Drafting the written communication to the complainant is sensitive. On the one hand, in most states employees have a right of privacy in personnel matters. On the other hand, if the target has been disciplined, the complainant needs to be informed of this, at least in general terms. The written communications to the complainant and the target should be carefully written to balance these concerns. The communications should avoid getting bogged down in details and should summarize the extent of the investigation conducted.

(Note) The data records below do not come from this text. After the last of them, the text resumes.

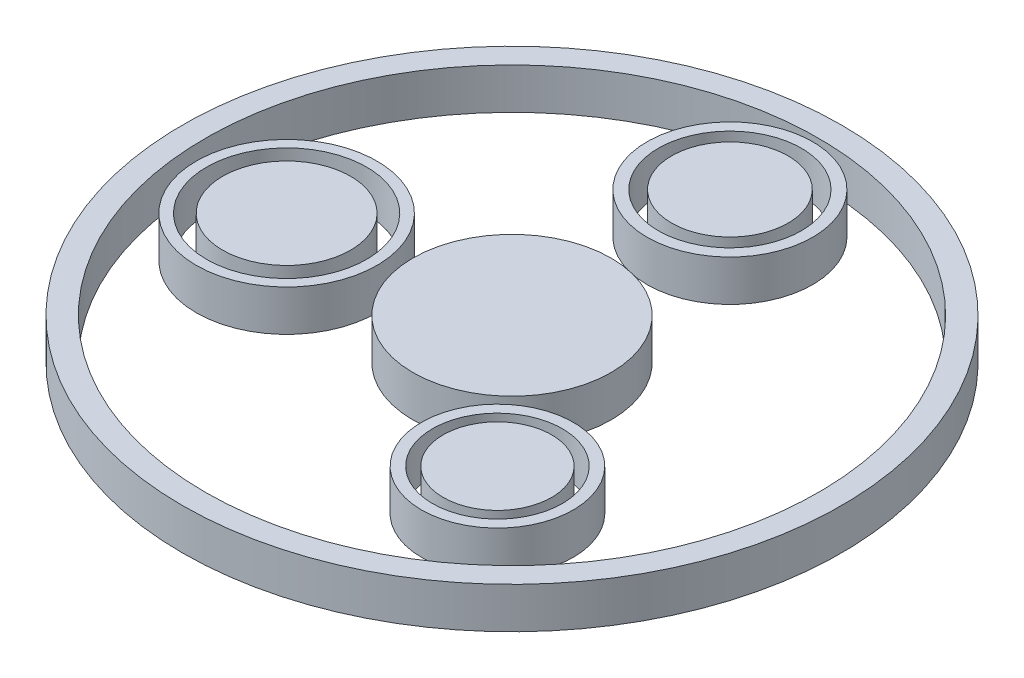
SolidWorks part; units mm, degrees
ref_plane "Front Plane" through (0, 0, 0) normal (0, 0, 1) x (1, 0, 0)
ref_plane "Top Plane" through (0, 0, 0) normal (0, 1, 0) x (1, 0, 0)
ref_plane "Right Plane" through (0, 0, 0) normal (1, 0, 0) x (0, 0, -1)
sketch "Sketch1" plane through (0, 0, 0) normal (0, 1, 0) x (1, 0, 0)
  circle A0 centre (0, 0) radius 74.6426
  circle A1 centre (0, 0) radius 24.135
  circle A2 centre (0, 0) radius 80.2226
  circle A3 centre (30.0233, -33.5715) radius 18.4776
  circle A4 centre (0, 53.0411) radius 17.4159
  circle A5 centre (-48.947, -5.9137) radius 22.002
  circle A6 centre (-48.947, -5.9137) radius 19.4798
  circle A7 centre (-48.947, -5.9137) radius 15.5764
  circle A8 centre (30.0233, -33.5715) radius 15.8011
  circle A9 centre (30.0233, -33.5715) radius 13.203
  circle A10 centre (0, 53.0411) radius 14.1812
  circle A11 centre (0, 53.0411) radius 20.1524
extrude "Boss-Extrude1" add sketch "Sketch1" along normal blind 10 contours A2 A0 | A1 | A7 | A5 A6 | A10 | A11 A4 | A9 | A3 A8

Regardless of the outcome, the written communication to the complainant and accused should always include four critical statements: (1) The company maintains a strict policy against harassment (or whatever is alleged); (2) a copy of the applicable company policy is attached; (3) the company does not permit retaliation; and (4) if in the future the employee believes he or she is being harassed, he or she should immediately report this to Human Resources, or to another appropriate company manager.
Sometimes an investigation will determine that while some inappropriate conduct occurred, it does not rise to the level of unlawful harassment. In such a case, the accused should be advised that their behavior was inappropriate and/or violated company policy. Discipline may be imposed, even if no unlawful harassment occurred.
If an employer takes adverse action against an employee based on an investigation conducted by an outside investigator, the Fair Credit Reporting Act requires that the employer provide any employee who is disciplined with a “summary containing the nature and substance” of the information upon which the adverse action is based. The employer is not required to reveal the sources of information used in preparing the report.
Workplace investigations pose many challenges, but if you conduct them properly, the benefits to the company are legion. In the worst case, the company will be in a stronger position to defend any subsequent lawsuit. In the best case, the investigation may obviate the need for any litigation at all.